In January 2012, the Guatemalan government negotiated an agreement with Montana Exploradora, the owner of the Marlin Mine and a subsidiary of Goldcorp, to contribute an additional “voluntary”4 percent royalty to the state and to municipalities near the mine.6 In April 2013, it reached a similar agreement with Minera San Rafael S.A., owner of El Escobal mine and a subsidiary of Tahoe Resources, and the company made its first royalty payment to seven local communities in January 2014.5
The unrest caused by the lack of consultations in the above examples has not prevented either company from operating in Guatemala. Minera San Rafael S.A. was awarded an extraction license in April 2013, after two years of intense conflicts with the local population. In fact, construction began on El Escobal mine before the extraction license was awarded, indicating that the company was confident it would obtain the license.
Shortly thereafter, in June 2013, the administration of President Otto Pérez Molina decreed a two-year mining license moratorium in an effort to reduce social conflict related to mining projects and to reform the country’s Mining Law.
But social activists and Indigenous groups remain skeptical, believing that the moratorium represents only a temporary pause in the avalanche of the country’s natural resource exploitation.

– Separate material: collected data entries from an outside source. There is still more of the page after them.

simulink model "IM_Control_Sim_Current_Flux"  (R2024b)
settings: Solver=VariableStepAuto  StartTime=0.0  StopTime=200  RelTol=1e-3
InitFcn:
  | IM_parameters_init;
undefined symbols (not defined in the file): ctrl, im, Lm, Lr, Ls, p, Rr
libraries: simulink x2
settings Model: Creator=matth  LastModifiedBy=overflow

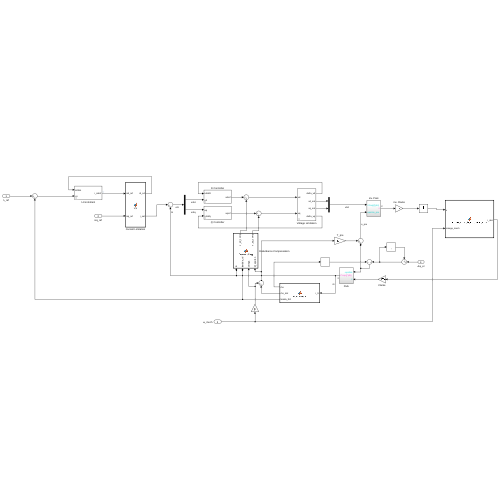
[thumbnail: Simulink's stored preview of the top-level diagram]
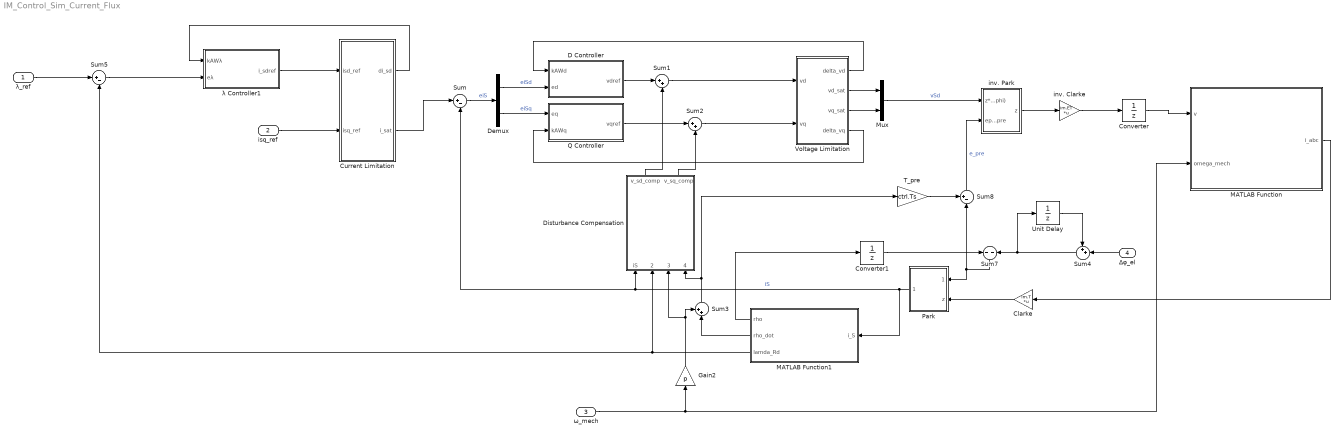
== system IM_Control_Sim_Current_Flux ==
  λ_ref : Inport
  isq_ref : Inport  Port=2
  ω_mech : Inport  Port=3
  Δφ_el : Inport  Port=4
  Clarke : Gain  Gain=im.T  Multiplication=Matrix(K*u)
  Converter : UnitDelay  SampleTime=-1  HasFrameUpgradeWarning=on
  Converter1 : UnitDelay  SampleTime=-1  HasFrameUpgradeWarning=on
  Current Limitation : MATLAB Function  TreatAsAtomicUnit=on
  D Controller : Subsystem  mask{Ts=ctrl.Ts, ctrl=ctrl.i}
      mask prompts: Ts "Sampling Time"; ctrl "Controller Struct"
  Demux : Demux  Outputs=2
  Disturbance Compensation : MATLAB Function  TreatAsAtomicUnit=on
  Gain2 : Gain  Gain=p
  MATLAB Function : MATLAB Function  TreatAsAtomicUnit=on
  MATLAB Function1 : MATLAB Function  TreatAsAtomicUnit=on
  Mux : Mux  Inputs=2
  Park : Subsystem
  Q Controller : Subsystem  mask{Ts=ctrl.Ts, ctrl=ctrl.i}
      mask prompts: Ts "Sampling Time"; ctrl "Controller Struct"
  Sum : Sum  Inputs=|+-
  Sum1 : Sum  Inputs=|++  OutDataTypeStr=double  AccumDataTypeStr=double
  Sum2 : Sum  Inputs=|++  OutDataTypeStr=double  AccumDataTypeStr=double
  Sum3 : Sum  Inputs=++|
  Sum4 : Sum  Inputs=++|
  Sum5 : Sum  Inputs=|+-
  Sum7 : Sum  Inputs=-|-
  Sum8 : Sum  Inputs=+-|
  T_pre : Gain  Gain=ctrl.Ts  SaturateOnIntegerOverflow=on  OutDataTypeStr=Inherit: Same as input  ParamDataTypeStr=Inherit: Same as input
  Unit Delay : UnitDelay  SampleTime=-1  HasFrameUpgradeWarning=on
  Voltage Limitation : Subsystem  mask{Vmax=im.vDC}
      mask prompts: Vmax "Max Voltage"
  inv. Clarke : Gain  Gain=im.ET  Multiplication=Matrix(K*u)
  inv. Park : Subsystem
  λ Controller1 : Subsystem  mask{Ts=ctrl.Ts, ctrl=ctrl.w}
      mask prompts: Ts "Sampling Time"; ctrl "Controller Struct"
  wires:
  Q Controller/1(vqref) -> Sum2/1
  Sum2/1 -> Voltage Limitation/2("vq ")
  Sum1/1 -> Voltage Limitation/1(vd)
  D Controller/1(vdref) -> Sum1/1
  Voltage Limitation/3(vq_sat) -> Mux/2
  MATLAB Function/1(i_abc) -> Clarke/1
  Mux/1 -> inv. Park/1(z*exp(j*phi))  "vSd"
  Voltage Limitation/1(delta_vd) -> D Controller/1(kAWd)
  Sum/1 -> Demux/1  "eiS"
  Demux/1 -> D Controller/2(ed)  "eiSd"
  Clarke/1 -> Park/2(z)
  inv. Park/1(z) -> inv. Clarke/1
  Demux/2 -> Q Controller/1(eq)  "eiSq"
  Park/1(z*exp(j*phi)) -> MATLAB Function1/1(i_S), Disturbance Compensation/1(iS), Sum/2  "iS"
  Voltage Limitation/4(delta_vq) -> Q Controller/2(kAWq)
  Voltage Limitation/2(vd_sat) -> Mux/1
  Converter/1 -> MATLAB Function/1(v)
  MATLAB Function1/3(lamda_Rd) -> Disturbance Compensation/2(lambda_rd), Sum5/2
  Sum3/1 -> Disturbance Compensation/4(dt_epsilon), T_pre/1
  Current Limitation/2(i_sat) -> Sum/1
  MATLAB Function1/2(rho_dot) -> Sum3/2
  Sum7/1 -> Park/1(-epsilon), Sum8/2
  T_pre/1 -> Sum8/1
  MATLAB Function1/1(rho) -> Converter1/1
  Converter1/1 -> Sum7/1
  λ Controller1/1(i_sdref) -> Current Limitation/1(isd_ref)
  Current Limitation/1(di_sd) -> λ Controller1/1(kAWλ)
  Sum5/1 -> λ Controller1/2(eλ)
  λ_ref/1 -> Sum5/1
  inv. Clarke/1 -> Converter/1
  isq_ref/1 -> Current Limitation/2(isq_ref)
  Sum8/1 -> inv. Park/2(epsilon_pre)  "e_pre"
  Disturbance Compensation/1(v_sd_comp) -> Sum1/2
  Disturbance Compensation/2(v_sq_comp) -> Sum2/2
  Gain2/1 -> Sum3/1, Disturbance Compensation/3(omega)
  ω_mech/1 -> Gain2/1, MATLAB Function/2(omega_mech)
  Δφ_el/1 -> Sum4/2
  Sum4/1 -> Unit Delay/1, Sum7/2
  Unit Delay/1 -> Sum4/1

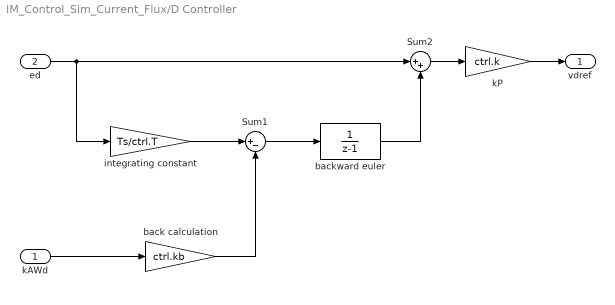
== system IM_Control_Sim_Current_Flux/D Controller ==
  kAWd : Inport
  ed : Inport  Port=2
  Sum1 : Sum  Inputs=|+-
  Sum2 : Sum  Inputs=|++
  back calculation : Gain  Gain=ctrl.kb
  backward euler : DiscreteTransferFcn  Denominator=[1 -1]
  integrating constant : Gain  Gain=Ts/ctrl.T
  kP : Gain  Gain=ctrl.k
  vdref : Outport
  wires:
  Sum1/1 -> backward euler/1
  integrating constant/1 -> Sum1/1
  back calculation/1 -> Sum1/2
  ed/1 -> integrating constant/1, Sum2/1
  Sum2/1 -> kP/1
  kP/1 -> vdref/1
  backward euler/1 -> Sum2/2
  kAWd/1 -> back calculation/1

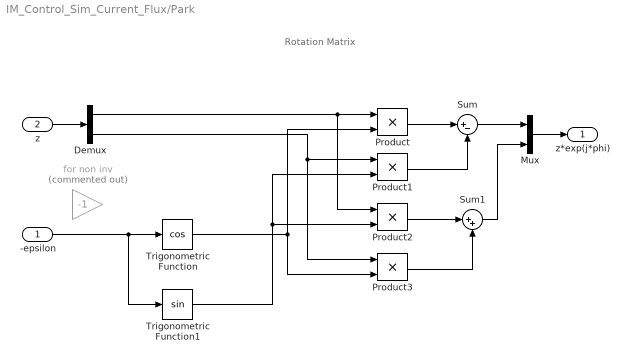
== system IM_Control_Sim_Current_Flux/Park ==
  note: Rotation Matrix
  -epsilon : Inport
  z : Inport  Port=2
  Demux : Demux  Outputs=2
      settings: DisplayOption=none
  Mux : Mux  Inputs=2
  Product{,1..3} (4 alike) : Product  SaturateOnIntegerOverflow=on  OutDataTypeStr=Inherit: Same as first input
  Sum : Sum  Inputs=|+-  SaturateOnIntegerOverflow=on
  Sum1 : Sum  Inputs=|++  SaturateOnIntegerOverflow=on
  Trigonometric Function : Trigonometry  Operator=cos
  Trigonometric Function1 : Trigonometry
  for non inv : Gain  Commented=on  Gain=-1
  z*exp(j*phi) : Outport  PortDimensions=2  VectorParamsAs1DForOutWhenUnconnected=off
  wires:
  Mux/1 -> z*exp(j*phi)/1
  Sum1/1 -> Mux/2
  Sum/1 -> Mux/1
  Product3/1 -> Sum1/2
  Product2/1 -> Sum1/1
  Product1/1 -> Sum/2
  Product/1 -> Sum/1
  Trigonometric Function1/1 -> Product2/2, Product1/2
  Trigonometric Function/1 -> Product3/2, Product/2
  Demux/2 -> Product3/1, Product1/1
  Demux/1 -> Product2/1, Product/1
  z/1 -> Demux/1
  -epsilon/1 -> Trigonometric Function1/1, Trigonometric Function/1

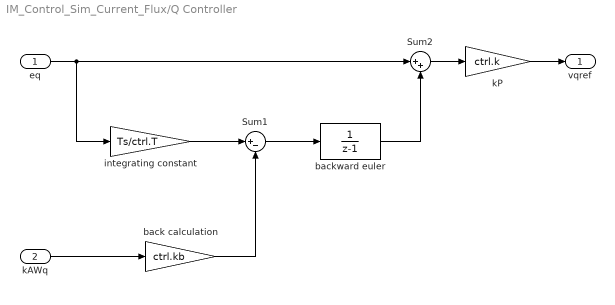
== system IM_Control_Sim_Current_Flux/Q Controller ==
  eq : Inport
  kAWq : Inport  Port=2
  Sum1 : Sum  Inputs=|+-
  Sum2 : Sum  Inputs=|++
  back calculation : Gain  Gain=ctrl.kb
  backward euler : DiscreteTransferFcn  Denominator=[1 -1]
  integrating constant : Gain  Gain=Ts/ctrl.T
  kP : Gain  Gain=ctrl.k
  vqref : Outport
  wires:
  Sum1/1 -> backward euler/1
  integrating constant/1 -> Sum1/1
  back calculation/1 -> Sum1/2
  eq/1 -> integrating constant/1, Sum2/1
  Sum2/1 -> kP/1
  kP/1 -> vqref/1
  backward euler/1 -> Sum2/2
  kAWq/1 -> back calculation/1

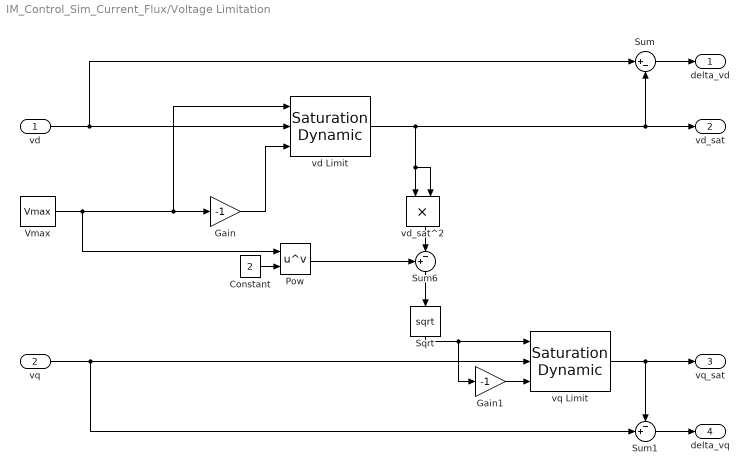
== system IM_Control_Sim_Current_Flux/Voltage Limitation ==
  vd : Inport
  "vq " : Inport  Port=2
  Constant : Constant  Value=2
  Gain : Gain  Gain=-1
  Gain1 : Gain  Gain=-1
  Pow : Math  Operator=pow  RndMeth=Zero
  Sqrt : Sqrt
  Sum : Sum  Inputs=|+-
  Sum1 : Sum  Inputs=-+|
  Sum6 : Sum  Inputs=+-|
  Vmax : Constant  Value=Vmax
  vd Limit : simulink/Discontinuities/Saturation Dynamic  OutMin=[]  OutMax=[]  OutDataTypeStr=Inherit: Same as second input  OutDataType=fixdt(1, 16)  OutScaling=2^-10  DoSatur=off
  vd_sat^2 : Product
  vq Limit : simulink/Discontinuities/Saturation Dynamic  OutMin=[]  OutMax=[]  OutDataTypeStr=Inherit: Same as second input  OutDataType=fixdt(1, 16)  OutScaling=2^-10  DoSatur=off
  delta_vd : Outport  VectorParamsAs1DForOutWhenUnconnected=off
  vd_sat : Outport  Port=2  VectorParamsAs1DForOutWhenUnconnected=off
  vq_sat : Outport  Port=3  VectorParamsAs1DForOutWhenUnconnected=off
  delta_vq : Outport  Port=4  VectorParamsAs1DForOutWhenUnconnected=off
  wires:
  Gain/1 -> vd Limit/3
  vd Limit/1 -> Sum/2, vd_sat/1, vd_sat^2/2, vd_sat^2/1
  Sqrt/1 -> Gain1/1, vq Limit/1
  vq Limit/1 -> Sum1/1, vq_sat/1
  Pow/1 -> Sum6/1
  vd/1 -> Sum/1, vd Limit/2
  Sum6/1 -> Sqrt/1
  "vq "/1 -> vq Limit/2, Sum1/2
  vd_sat^2/1 -> Sum6/2
  Vmax/1 -> Pow/1, Gain/1, vd Limit/1
  Gain1/1 -> vq Limit/3
  Sum/1 -> delta_vd/1
  Sum1/1 -> delta_vq/1
  Constant/1 -> Pow/2

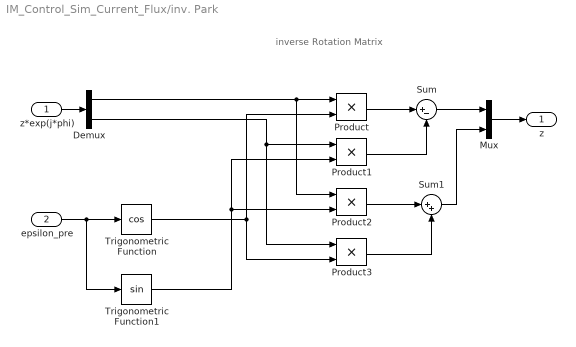
== system IM_Control_Sim_Current_Flux/inv. Park ==
  note: inverse Rotation Matrix
  z*exp(j*phi) : Inport
  epsilon_pre : Inport  Port=2
  Demux : Demux  Outputs=2
      settings: DisplayOption=none
  Mux : Mux  Inputs=2
  Product{,1..3} (4 alike) : Product  SaturateOnIntegerOverflow=on  OutDataTypeStr=Inherit: Same as first input
  Sum : Sum  Inputs=|+-  SaturateOnIntegerOverflow=on
  Sum1 : Sum  Inputs=|++  SaturateOnIntegerOverflow=on
  Trigonometric Function : Trigonometry  Operator=cos
  Trigonometric Function1 : Trigonometry
  z : Outport  PortDimensions=2  VectorParamsAs1DForOutWhenUnconnected=off
  wires:
  z*exp(j*phi)/1 -> Demux/1
  Demux/1 -> Product/1, Product2/1
  epsilon_pre/1 -> Trigonometric Function1/1, Trigonometric Function/1
  Demux/2 -> Product1/1, Product3/1
  Trigonometric Function/1 -> Product/2, Product3/2
  Trigonometric Function1/1 -> Product1/2, Product2/2
  Product/1 -> Sum/1
  Product1/1 -> Sum/2
  Product2/1 -> Sum1/1
  Product3/1 -> Sum1/2
  Sum/1 -> Mux/1
  Sum1/1 -> Mux/2
  Mux/1 -> z/1

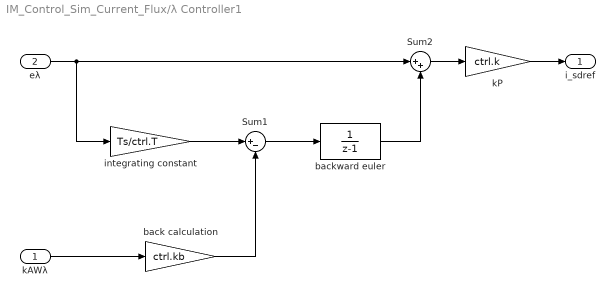
== system IM_Control_Sim_Current_Flux/λ Controller1 ==
  kAWλ : Inport
  eλ : Inport  Port=2
  Sum1 : Sum  Inputs=|+-
  Sum2 : Sum  Inputs=|++
  back calculation : Gain  Gain=ctrl.kb
  backward euler : DiscreteTransferFcn  Denominator=[1 -1]
  integrating constant : Gain  Gain=Ts/ctrl.T
  kP : Gain  Gain=ctrl.k
  i_sdref : Outport
  wires:
  Sum1/1 -> backward euler/1
  integrating constant/1 -> Sum1/1
  back calculation/1 -> Sum1/2
  eλ/1 -> integrating constant/1, Sum2/1
  Sum2/1 -> kP/1
  kP/1 -> i_sdref/1
  backward euler/1 -> Sum2/2
  kAWλ/1 -> back calculation/1

== matlab function IM_Control_Sim_Current_Flux/MATLAB Function1 ==
  data: rho output; rho_dot output; i_S input; lamda_Rd output; par parameter
function [rho, rho_dot, lamda_Rd] = flux_model(i_S, par)

i_sd = i_S(1);
i_sq = i_S(2);

% PARAMETERS
Ts = par.Ts;
p  = par.p;
Jm = par.J;

Rs = par.Rs;
Rr = par.Rr;

Ls = par.Ls;     % LσS
Lr = par.Lr;     % L'σR
Lm  = par.Lm;

Tau_R = Lr/Rr;

persistent rho_k lamda_Rd_k
if isempty(rho_k)
    rho_k = 0;
    lamda_Rd_k = 0.001;
end


lamda_Rd_k = lamda_Rd_k + Ts / Tau_R * (Lm * i_sd - lamda_Rd_k);

lamda_Rd_k = max(lamda_Rd_k, 0.001);


rho_dot = Lm * i_sq / (Tau_R * lamda_Rd_k);

rho_k = rho_k + Ts * rho_dot;

lamda_Rd = lamda_Rd_k;
rho = rho_k;

== matlab function IM_Control_Sim_Current_Flux/Disturbance Compensation ==
  data: iS input; v_sd_comp output; lambda_rd input; omega input; dt_epsilon input; Ls parameter; Lm parameter; Lr parameter; Rr parameter; v_sq_comp output
function [v_sd_comp, v_sq_comp]  = Decoupling(iS, lambda_rd, omega, dt_epsilon, Ls, Lm, Lr, Rr)

i_Sd = iS(1);
i_Sq = iS(2);

% convenience;  (3.15) unter satz
L_sigma=(Ls - Lm^2/Lr); 

% compensation
v_sd_comp = -dt_epsilon*L_sigma*i_Sq - Rr *  Lm/Lr^2 * lambda_rd;  % (3.21)
v_sq_comp =  dt_epsilon*L_sigma*i_Sd + omega * Lm/Lr^2 * lambda_rd; % (3.22)

== matlab function IM_Control_Sim_Current_Flux/MATLAB Function ==
  data: i_abc output; v input; par parameter; omega_mech input
function i_abc  = IM_mech_subsystem_vector(v,par, omega_mech)

va = v(1);
vb = v(2);
vc = v(3);

% PARAMETERS
Ts = par.Ts;
p  = par.p;

Rs = par.Rs;
Rr = par.Rr;

Ls = par.Ls;     
Lr = par.Lr;     
Lm  = par.Lm;


% Persistent states
persistent is_a is_b psir_a psir_b
if isempty(is_a)
    is_a = 0; is_b = 0;
    psir_a = 0; psir_b = 0;
end

% Clarke transform (abc -> alpha-beta), power-invariant
v_alpha = (2/3)*(va - 0.5*vb - 0.5*vc);
v_beta  = (2/3)*((sqrt(3)/2)*(vb - vc));

% Helpful constants
Lsigma = Ls - (Lm^2)/Lr;        % must be > 0
omega_r = p * omega_mech;

% Current and rotor flux vectors
is  = [is_a;  is_b];
psir = [psir_a; psir_b];

Jmat = [0 -1; 1 0];

% Rotor flux derivative: dpsir/dt
dpsir = -(Rr/Lr)*psir + (Rr*Lm/Lr)*is + omega_r*(Jmat*psir);

% Stator current derivative: dis/dt
vs = [v_alpha; v_beta];
dis = (1/Lsigma) * (vs - Rs*is - (Lm/Lr)*dpsir);

% Integrate (Euler)
psir = psir + Ts*dpsir;
is   = is   + Ts*dis;


% Save states back
is_a = is(1); is_b = is(2);
psir_a = psir(1); psir_b = psir(2);


% Inverse Clarke: alpha-beta -> abc currents (with ia+ib+ic=0)
i_a = is(1);
i_b = -0.5*is(1) + (sqrt(3)/2)*is(2);
i_c = -0.5*is(1) - (sqrt(3)/2)*is(2);

i_abc = [i_a; i_b; i_c];

end

== matlab function IM_Control_Sim_Current_Flux/Current Limitation ==
  data: isd_ref input; di_sd output; isq_ref input; i_sat output; par parameter
function [di_sd, i_sat] = fcn(isd_ref, isq_ref, par)

isd_max = par.k_is * par.is_max;

isd_sat = max([min(isd_ref, isd_max), -isd_max]);

di_sd = isd_ref - isd_sat;

isq_max = sqrt(par.is_max^2 -  isd_sat^2);

isq_sat = max([min(isq_ref, isq_max), -isq_max]);

i_sat = [isd_sat, isq_sat];

As of January 2014, the Ministry had awarded 359 licenses for construction and mining (76 for exploration and 283 for exploitation), with another 601 solicitations in process, although no new licenses have been issued since the moratorium was declared.6
Investment, Community Rights at Loggerheads…Until?
Guatemala is facing ever-stronger pressures from businesses interested in exploiting the potential of natural resources through mining, dams and the expansion of mono-crop farming. Most of these investments irretrievably affect the territorial rights of native peoples, which is why consulta previa is critical.
At the moment, Guatemala does not possess the institutional capacity or the legal framework necessary to regulate consultations at a national level, and it falls to local municipalities and communities to carry out these processes. There is currently no authority at the national level charged with carrying out consultations, and given Guatemala’s historical legacy, Indigenous groups are skeptical of the prospect of increased interaction with the national government. Meanwhile, the government has yet to validate the community consultations that have already occurred.
But even if Guatemala had the institutional and legal framework in place to regulate consultations and an adequate budget to finance them, consulta previa requires a climate of trust and mutual respect among the government, companies, social organizations and Indigenous groups to be successful—conditions that do not currently exist in Guatemala.
Nevertheless, different stakeholders agree that prior consultation is an opportunity to establish best practices in the use of natural resources. It must not be the final step, but rather the starting point of a process of dialogue to reduce unrest, improve governance, ensure the protection of rights, and foster development that is socially, culturally and environmentally responsible.